Access to Oracle Big Data Manager on an Oracle Big Data Cloud Service instance. A port must be opened to permit access to Oracle Big Data Manager, as described in Enabling Oracle Big Data Manager.
The required sign in credentials for Oracle Big Data Manager.
Read/Write privileges to the /user/demo HDFS directory.
Complete the first two tutorials in this series: The Registering a GitHub Repository as a Storage Provider with Oracle Big Data Manager and the Registering an Oracle Database as a Storage Provider with Oracle Big Data Manager tutorials.
Access to an Oracle database and the required login credentials.
Basic familiarity with HDFS, Spark, and optionally, Apache Zeppelin.
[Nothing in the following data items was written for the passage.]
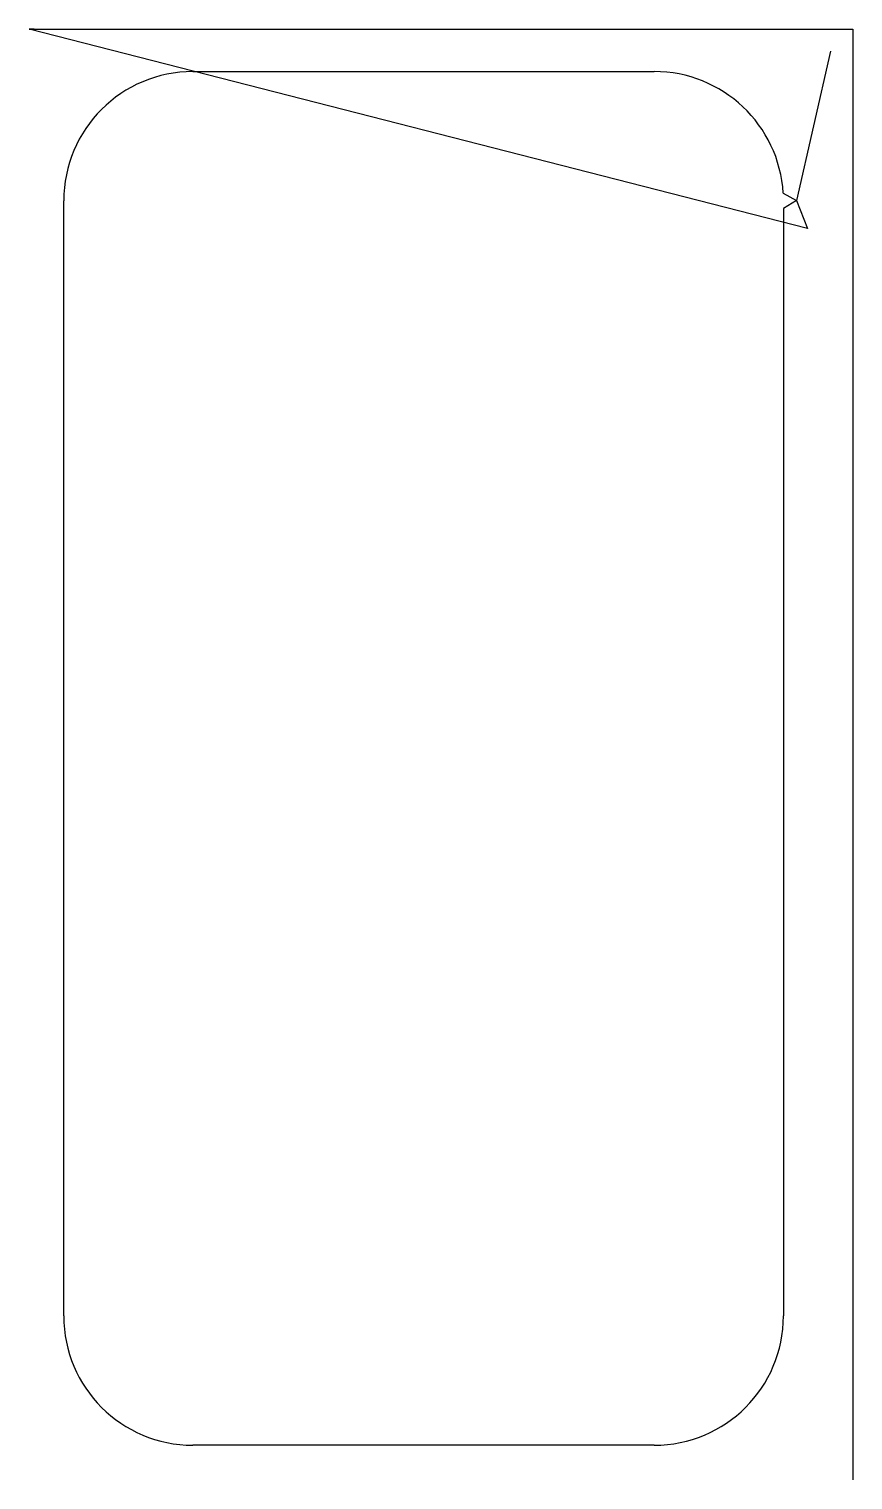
# Model space of a CAD drawing. Header units: metres. Extents: x 0 to 163, y 0 to 286.
import ezdxf

# ---------------------------------------------------------------- set-up
doc = ezdxf.new("R2010")
doc.units = ezdxf.units.M

msp = doc.modelspace()

# ---------------------------------------------------------------- linework, layer by layer
at = {"layer": 'TOOL_0'}
for p, q in [((153.628, 246.9), (0, 286.242)), ((0, 286.242), (1, 286.242)), ((1, 286.242), (0, 286.242)), ((0, 286.242), (1, 286.242)), ((1, 286.242), (162.574, 286.242)), ((162.574, 286.242), (162.574, 1)), ((158.113, 281.863), (151.428, 252.389)), ((32.35, 277.851), (123.35, 277.851)), ((6.85, 32.351), (6.85, 252.351)), ((148.806, 253.851), (151.428, 252.389)), ((151.428, 252.389), (148.85, 250.851)), ((151.428, 252.389), (153.628, 246.9)), ((148.85, 250.851), (148.85, 32.351)), ((123.35, 6.851), (32.35, 6.851)), ((162.574, 1), (162.574, 0))]:
    msp.add_line(p, q, dxfattribs=at)
for centre, start, end in [((32.35, 252.351), 90, 180), ((123.35, 252.351), 3.37227, 90), ((32.35, 32.351), 180, 270), ((123.35, 32.351), 270, 0)]:
    msp.add_arc(centre, 25.5, start, end, dxfattribs=at)

doc.saveas('drawing.dxf')

Access the Oracle Big Data Manager Console

Sign in to Oracle Cloud and open your Oracle Big Data Cloud Service console.

Description of the illustration bdcs-console.png
In the row for the cluster, click Manage this service , and then click Oracle Big Data Manager console from the context menu to display the Oracle Big Data Manager Home page.

Import a Zeppelin Note from GitHub into Oracle Big Data Manager Notebook

In this section, you import a Zeppelin note from a GitHub repository into Oracle Big Data Manager Notebook.

On the Oracle Big Data Manager page, click the Data tab.
In the Data explorer section, select Github (github) from the Storage drop-down list. The bdm-notebook-demo GitHub repository that you registered in the first tutorial is displayed in the Name column. Double-click the repository name and navigate to the master branch. This branch contains the Notebook.json Zeppelin note that you will import into Oracle Big Data Manager Notebook.

Description of the illustration master-branch.png
Right-click the Notebook.json file. From the context menu, select Notebook, and then Import as Notebook Note. The Import as Notebook Note dialog box is displayed.
Enter HDFS and Oracle Database Data Analysis in the Note name field, and then click Create. The HDFS and Oracle Database Data Analysis note is imported and displayed in Notebook. The initial status of each paragraph in the note is READY which indicates that the paragraph has not been executed yet.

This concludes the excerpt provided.